Schwul-lesbische Politik in Bayern: Warum München rosa regiert wird
Die Rosa Liste, die einzige schwul-lesbische Wählerinitiative in einem Stadtrat, wurde vor 20 Jahren gegründet. Ursache war die politisierte Aids-Debatte und ein klares Feindbild: die CSU.
MÜNCHEN taz Wenn Thomas Niederbühl vom München der 1980er-Jahre erzählt, klingt er selbst manchmal etwas ungläubig. Sein München war immer das homosexuelle München - und das hatte es damals alles andere als leicht.
1987 wurde bekannt, dass die Polizei noch "Rosa Listen" mit den Namen homosexueller Männer führte. "Wir galten wohl als kriminelles Milieu", wundert sich Niederbühl noch heute.
Ein knappes Dutzend schwuler Männer gründeten im September 1989, vor genau 20 Jahren, eine eigene Wählerinitiative. Mit dabei: der Student Thomas Niederbühl. "Weil sich die Aids-Diskussion in München damals so politisiert hat, gibt es die Rosa Liste", erinnert er sich heute, "es gab das klare Feindbild CSU."
1996 geling den Rosanen im dritten Anlauf der Einzug in den Stadtrat - als erster und bis heute einziger schwul-lesbischer Wählerinitiative in Deutschland. Mit 1,8 Prozent der Stimmen wird die Rosa Liste auch gleich zum Mehrheitsbeschaffer: Mit der einen rosa Stimme Mehrheit entsteht das rot-grün-rosa-Bündnis, das bis heute die Stadt regiert.
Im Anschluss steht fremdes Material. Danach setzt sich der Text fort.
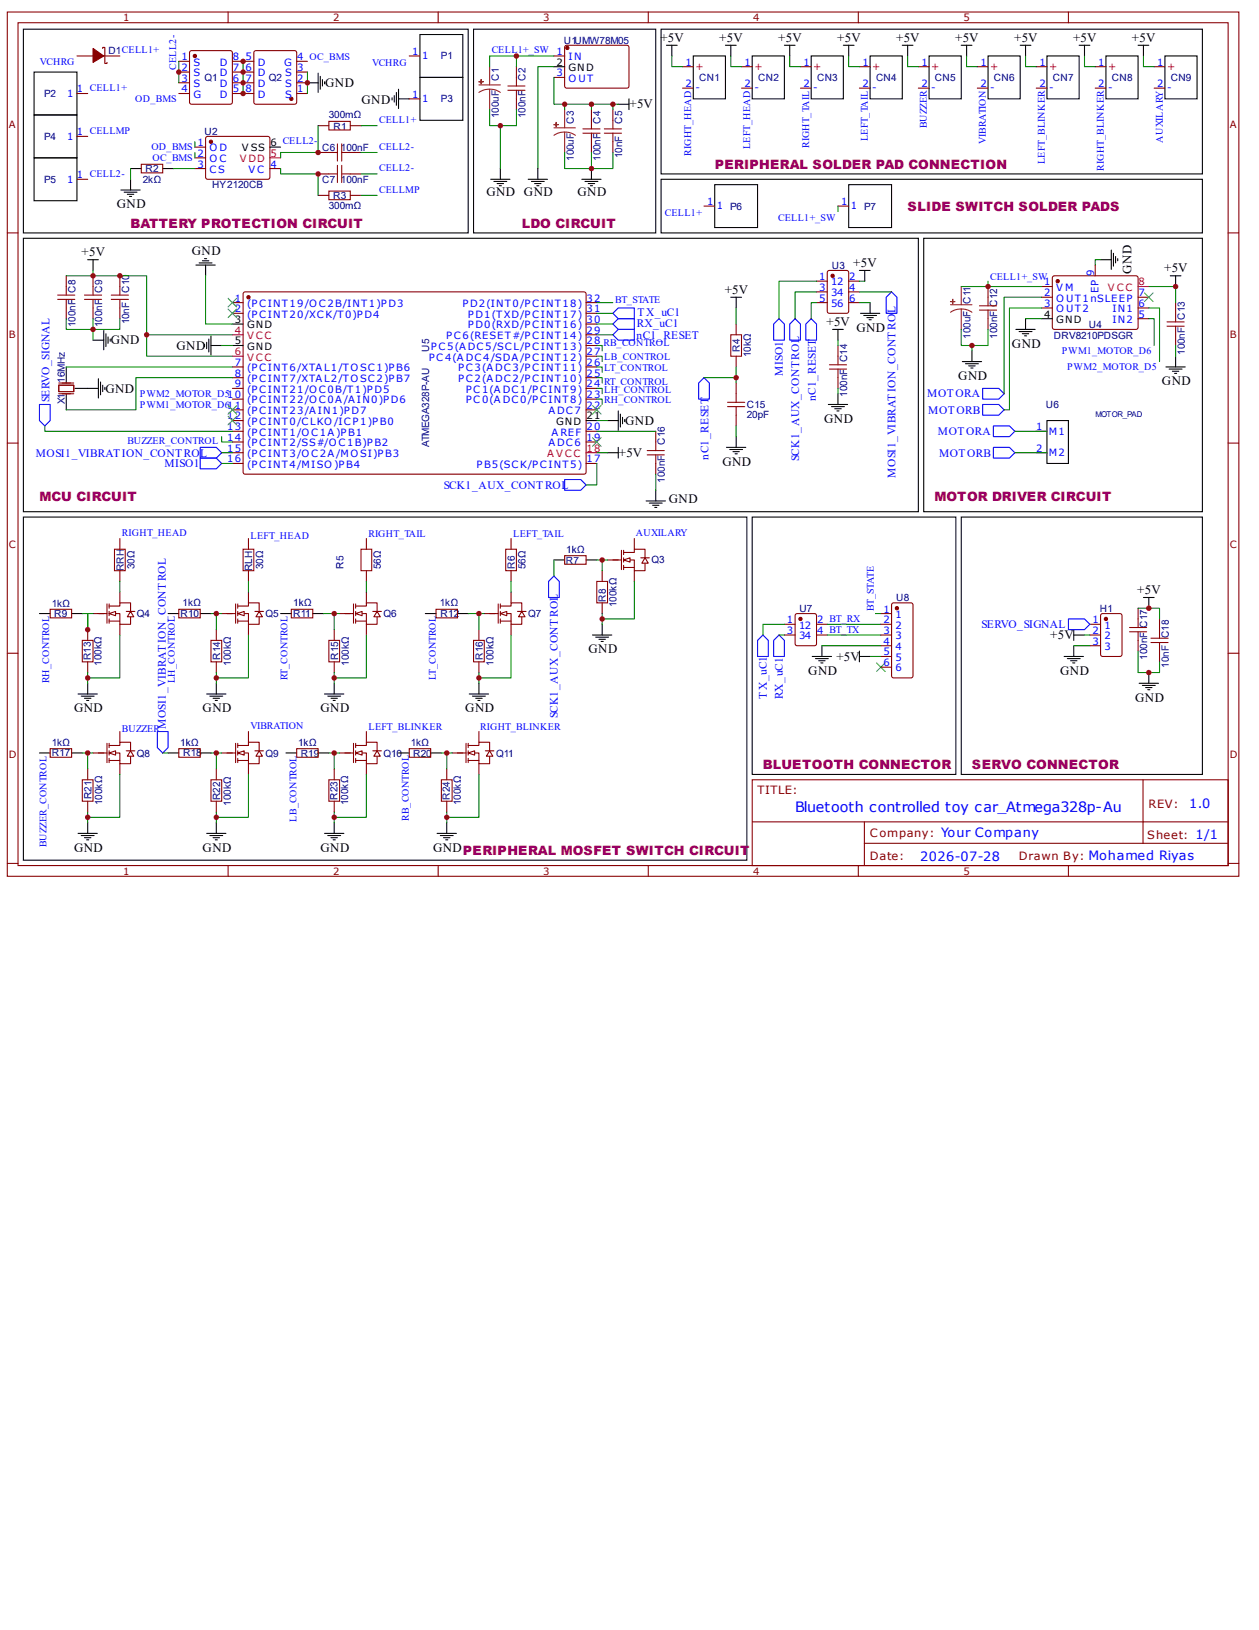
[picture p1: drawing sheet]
<svg xmlns="http://www.w3.org/2000/svg" width="216mm" height="279mm" viewBox="0 0 216 279" stroke-linecap="round" stroke-linejoin="round" font-family="sans-serif">
<g fill="none" stroke="#800" stroke-width=".18">
<path d="M1.3 2.1h211.1v148.1h-211.1zM3.1 3.9h207.5v144.5h-207.5zM39.1 2.1v1.8M75.1 2.1v1.8M111.2 2.1v1.8M147.2 2.1v1.8M183.2 2.1v1.8M1.3 39.9h1.8M210.6 39.9h1.8M41.8 50.1l.3-.1 58.2 .1 .2 .3v30.7l-.4 .2h-58.2l-.2-.4v-30.5zM1.3 75.9h1.8M210.6 75.9h1.8"/>
<path d="M1.3 112h1.8M210.6 112h1.8M129 133.7h81.6v14.7h-81.6zM196 133.7v10.9M1.3 148h1.8M39.1 148.4v1.8M75.1 148.4v1.8M111.2 148.4v1.8M129 140.9h81.5M147.2 148.4v1.8M148.2 144.6h62.3M148.2 140.9v7.3"/>
<path d="M183.2 148.4v1.8M210.6 148h1.8"/>
</g>
<circle cx="42.6" cy="51" r=".28" fill="#800"/>
<g fill="none" stroke="#800" stroke-width=".18">
<path d="M11.4 47.3v1.8M11.4 52.8v1.8M39.9 51.9h1.8M39.9 53.7h1.8M100.5 51.9h1.8M100.5 53.7h1.8M100.5 59.2h1.8M100.5 57.4h1.8M100.5 55.5h1.8M126.2 55.5v1.9M142 46.5l.2-.1h3l.3 .2v6.7l-.2 .4h-3.1l-.3-.2v-6.8zM143.7 59.2v1.9"/>
<path d="M201.6 51.9v1.8M201.6 57.4v1.8M39.9 62.9h1.8M39.9 64.7h1.8M39.9 66.6h1.8M39.9 68.4h1.8M39.9 70.3h1.8M39.9 72.1h1.8M39.9 73.9h1.8M39.9 75.8h1.8M39.9 77.6h1.8M39.9 79.4h1.8"/>
<path d="M100.5 62.9h1.8M100.5 64.7h1.8M100.5 66.6h1.8M100.5 68.4h1.8M100.5 70.3h1.8M100.5 73.9h1.8M100.5 75.8h1.8M100.5 79.4h1.8M100.5 61.1h1.8M126.2 61.1v1.8M126.2 65.7v1.8M126.2 71.2v1.8"/>
<path d="M143.7 64.7v1.9"/>
<circle cx="42.6" cy="51" r=".28"/>
</g>
<path d="M39.9 55.5h1.8M39.9 59.2h1.8M11.4 62.9v2.8M11.4 67.5v2.8M12.8 66.6h2.2M100.5 72.1h1.8" fill="none" stroke="#000" stroke-width=".18"/>
<path d="M39.9 57.4h1.8M39.9 61.1h1.8M100.5 77.6h1.8" fill="none" stroke="#f00" stroke-width=".18"/>
<path d="M10.1 66h2.5v1.1h-2.5zM10.1 65.7h2.5M10.1 67.5h2.5" fill="none" stroke="#810" stroke-width=".18"/>
<g fill="none" stroke="#a00000" stroke-width=".18">
<path d="M9.9 51.3h2.9M9.9 50.6h2.9M11.4 49.1v1.5M11.4 51.3v1.5M125.3 57.4h1.9v3.7h-1.9zM200.1 55.9h3M200.1 55.2h3M201.6 53.7v1.5M201.6 55.9v1.5M124.8 69h2.9M124.8 69.7h2.9M126.2 67.5v1.5"/>
<path d="M126.2 69.7v1.5M142.2 63.3h3M142.2 62.5h3M143.7 61.1v1.4M143.7 63.3v1.4"/>
</g>
<circle cx="142.8" cy="47.3" r=".28" fill="#800"/>
<g fill="none" stroke="#800" stroke-width=".18">
<path d="M35.4 23.5l.2-.1h10.5l.2 .3-.1 6.9-.3 .1h-10.5l-.1-.3v-6.7zM16 47.3v1.8M16 52.8v1.8M140 48.2h1.9M140 51.9h1.9M140 50h1.9M145.5 48.2h1.9M145.5 51.9h1.9M145.5 50h1.9"/>
<circle cx="142.8" cy="47.3" r=".28"/>
</g>
<path d="M14.5 51.3h2.9M14.5 50.6h2.9M16 49.1v1.5M16 51.3v1.5" fill="none" stroke="#a00000" stroke-width=".18"/>
<circle cx="36.2" cy="24.3" r=".28" fill="#800"/>
<g fill="none" stroke="#800" stroke-width=".18">
<path d="M32.6 8.8l.3-.1h6.6l.3 .1 .1 8.7-.2 .3-6.8 .1-.3-.2-.1-8.7zM24.2 28.2h3.7v1.4h-3.7zM33.4 25.2h1.9M33.4 27.1h1.9M33.4 28.9h1.9M46.3 28.9h1.8M54.6 26.1h1.8M54.6 29.8h1.8M54.6 33.5h1.8M54.6 21.5h1.8M60.1 26.1h1.8M60.1 29.8h1.8"/>
<path d="M60.1 33.5h1.8M60.1 21.5h1.8"/>
<circle cx="36.2" cy="24.3" r=".28"/>
</g>
<path d="M46.3 27.1h1.8" fill="none" stroke="#f00" stroke-width=".18"/>
<path d="M22.4 28.9h1.8M27.9 28.9h1.8M46.3 25.2h1.8" fill="none" stroke="#000" stroke-width=".18"/>
<path d="M56.4 32.8h3.7v1.4h-3.7zM56.4 20.8h3.7v1.5h-3.7zM56.4 26.1h1.5M56.4 29.8h1.5M57.9 24.7v2.9M57.9 28.3v3M58.6 26.1h1.5M58.6 24.7v2.9M58.6 28.3v3M58.6 29.8h1.5" fill="none" stroke="#a00000" stroke-width=".18"/>
<circle cx="33.4" cy="9.6" r=".28" fill="#800"/>
<g fill="none" stroke="#800" stroke-width=".18">
<path d="M30.7 10.5h1.8M30.7 12.4h1.8M30.7 14.2h1.8M30.7 16h1.8M39.9 10.5h1.8M39.9 12.4h1.8M39.9 14.2h1.8M39.9 16h1.8M43.6 8.8l.3-.1h6.6l.3 .1 .1 8.7-.2 .3-6.8 .1-.3-.2-.1-8.7z"/>
<circle cx="33.4" cy="9.6" r=".28"/>
</g>
<circle cx="50" cy="16.9" r=".28" fill="#800"/>
<g fill="none" stroke="#800" stroke-width=".18">
<path d="M41.7 16h1.8M41.7 14.2h1.8M41.7 12.4h1.8M41.7 10.5h1.8M50.9 16h1.8M50.9 14.2h1.8M50.9 12.4h1.8M50.9 10.5h1.8M96.9 7.9l.3-.1h10.5l.2 .3-.1 6.8-.3 .2-10.5-.1-.2-.3v-6.6z"/>
<circle cx="50" cy="16.9" r=".28"/>
</g>
<circle cx="97.3" cy="8.2" r=".28" fill="#800"/>
<g fill="none" stroke="#800" stroke-width=".18">
<path d="M95 9.6h1.8M95 13.3h1.8"/>
<circle cx="97.3" cy="8.2" r=".28"/>
</g>
<path d="M95 11.4h1.8" fill="none" stroke="#000" stroke-width=".18"/>
<path d="M163 52.2h3.7M164.8 53l1.2 .2 .7 .3M164.8 53h-.7l-1.1 .5M164.8 49.1v3.1M164.8 53v3.5" fill="none" stroke="#8d2323" stroke-width=".18"/>
<path d="M163 51.7h.7z" fill="#8d2323"/>
<path d="M163 51.7h.7z" fill="none" stroke="#8d2323" stroke-width=".18"/>
<path d="M163.4 51.3v.8z" fill="#8d2323"/>
<path d="M96.8 18.8v3.1M95 21.9h3.7M96.8 22.6l1.2 .2 .7 .4M96.8 22.6l-1.1 .2-.7 .4M96.8 22.6v3.5M163.4 51.3v.8z" fill="none" stroke="#8d2323" stroke-width=".18"/>
<path d="M95 21.4h.7z" fill="#8d2323"/>
<path d="M95 21.4h.7z" fill="none" stroke="#8d2323" stroke-width=".18"/>
<path d="M95.4 21v.7z" fill="#8d2323"/>
<path d="M95.4 21v.7z" fill="none" stroke="#8d2323" stroke-width=".18"/>
<g fill="none" stroke="#a00000" stroke-width=".18">
<path d="M87.1 15.5h2.9M87.1 14.7h2.9M88.6 13.3v1.4M88.6 15.5v1.4M19.1 51.3h2.9M19.1 50.6h2.9M20.6 49.1v1.5M20.6 51.3v1.5M111 78h2.9M111 77.2h2.9M112.5 75.8v1.4M112.5 78v1.4"/>
<path d="M197.4 110.1h2.9M197.4 109.4h2.9M198.8 107.9v1.5M198.8 110.1v1.5"/>
</g>
<path d="M88.6 11.4v1.9M88.6 16.9v1.9M20.6 47.3v1.8M20.6 52.8v1.8M180.6 47.4l.2-.1h14.2l.2 .3-.1 8.7-.3 .2-14.2-.1-.1-.3v-8.5zM112.5 73.9v1.9M112.5 79.4v1.9M198.8 106.1v1.8M198.8 111.6v1.8" fill="none" stroke="#800" stroke-width=".18"/>
<circle cx="181.4" cy="48.2" r=".28" fill="#800"/>
<g fill="none" stroke="#800" stroke-width=".18">
<path d="M178.6 49.1h1.9M178.6 51h1.9M178.6 52.8h1.9M187.8 45.4v1.9M195.2 51h1.8M195.2 52.8h1.8M195.2 54.6h1.8"/>
<circle cx="181.4" cy="48.2" r=".28"/>
</g>
<path d="M178.6 54.6h1.9" fill="none" stroke="#000" stroke-width=".18"/>
<path d="M195.2 49.1h1.8" fill="none" stroke="#f00" stroke-width=".18"/>
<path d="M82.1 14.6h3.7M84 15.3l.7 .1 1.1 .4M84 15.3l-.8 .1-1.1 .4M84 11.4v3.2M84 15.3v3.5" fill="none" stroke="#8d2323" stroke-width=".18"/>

Seither hat sich viel getan: Ein Antidiskriminierungszusatz bei Stellenausschreibungen wurde schon 1999 zur Pflicht, eine "Städtische Koordinierungsstelle für gleichgeschlechtliche Lebensweisen" wurde eingerichtet, zahlreiche Projekte wie die Lesbenberatungsstelle werden von der Stadt finanziell unterstützt.
Die Rosa Liste hat "schwul-lesbische Themen" in die Stadtpolitik getragen, mit zwiespältigen Folgen für die Liste selbst: "Es ist natürlich ein Erfolg, dass wir mit unseren Themen bei allen Parteien angekommen sind", sagt Alexander Miklosy, "aber wir verlieren auch Stimmen an die anderen." Die Rosa Liste bekommt vor allem im Wahlkampf viel Unterstützung. Bei den letzten Stadtratswahlen kämpften stets 80 rosa KandidatInnen um die wenigen erwartbaren Mandate.
2007 konnte das selbstverwaltete schwul-lesbische Jugendzentrum "Diversity" eröffnen. "Ein schönes Bild für die junge Generation. Es war klar, dass die Jugendlichen das schwul-lesbisch gemeinsam machen wollten", sagt Rita Braaz aus dem Vorstand der Rosa Liste, "das wäre früher nicht so gewesen."
Das Jugendzentrum liegt am Rande des Glockenbachviertels, dort, wo sich die Community traditionell trifft. An der Hans-Sachs- und Müllerstraße wehen die Regenbogenfahnen. Von der Szene-Bar übers Reisebüro bis hin zur Sparkasse zeigt man das schwul-lesbische Symbol. Hier geht die Szene aber nicht nur aus - hier wird auch rosa gewählt. Im großen Innenstadtbezirk Ludwigsvorstadt-Isarvorstadt erhielt die Rosa Liste bei den Wahlen 2008 insgesamt 12,9 Prozent - in einigen Straßenzügen dürfte es deutlich mehr gewesen sein.
Alexander Miklosy ist hier bereits seit 2002 Bezirksausschussvorsitzender - gewählt auch mit den Stimmen der CSU. "Als ich 1996 in den Bezirksausschuss kam, wurde ich noch als Exot betrachtet", sagt er, "das hat sich schon geändert." Dass das Viertel in den letzten Jahren zur hipsten Ecke Münchens geworden ist, hat aber auch für die Szene negative Folgen. Nicht nur, dass es am Wochenende von Junggesellenabschieden überschwemmt wird, vor allem die Aufwertung macht zu schaffen. Viele Kneipen musste schon schließen, erklärt Miklosy, "das ist schon signifikant". Auch Beratungsstellen könnten irgendwann von den steigenden Mieten bedroht sein. "Das Viertel ist unsere Identität", sagt Niederbühl, "das darf nicht verloren gehen." Er betont auch die Bedeutung für homosexuelle Jugendliche auf dem Land: "Das hat auch einen psychologischen Effekt. Die wissen: Ich kann ins Glockenbachviertel, da bin ich zu Hause." Und Rita Braaz sagt: "Für mich ist München die schwul-lesbische Oase in der bayerischen Wüste."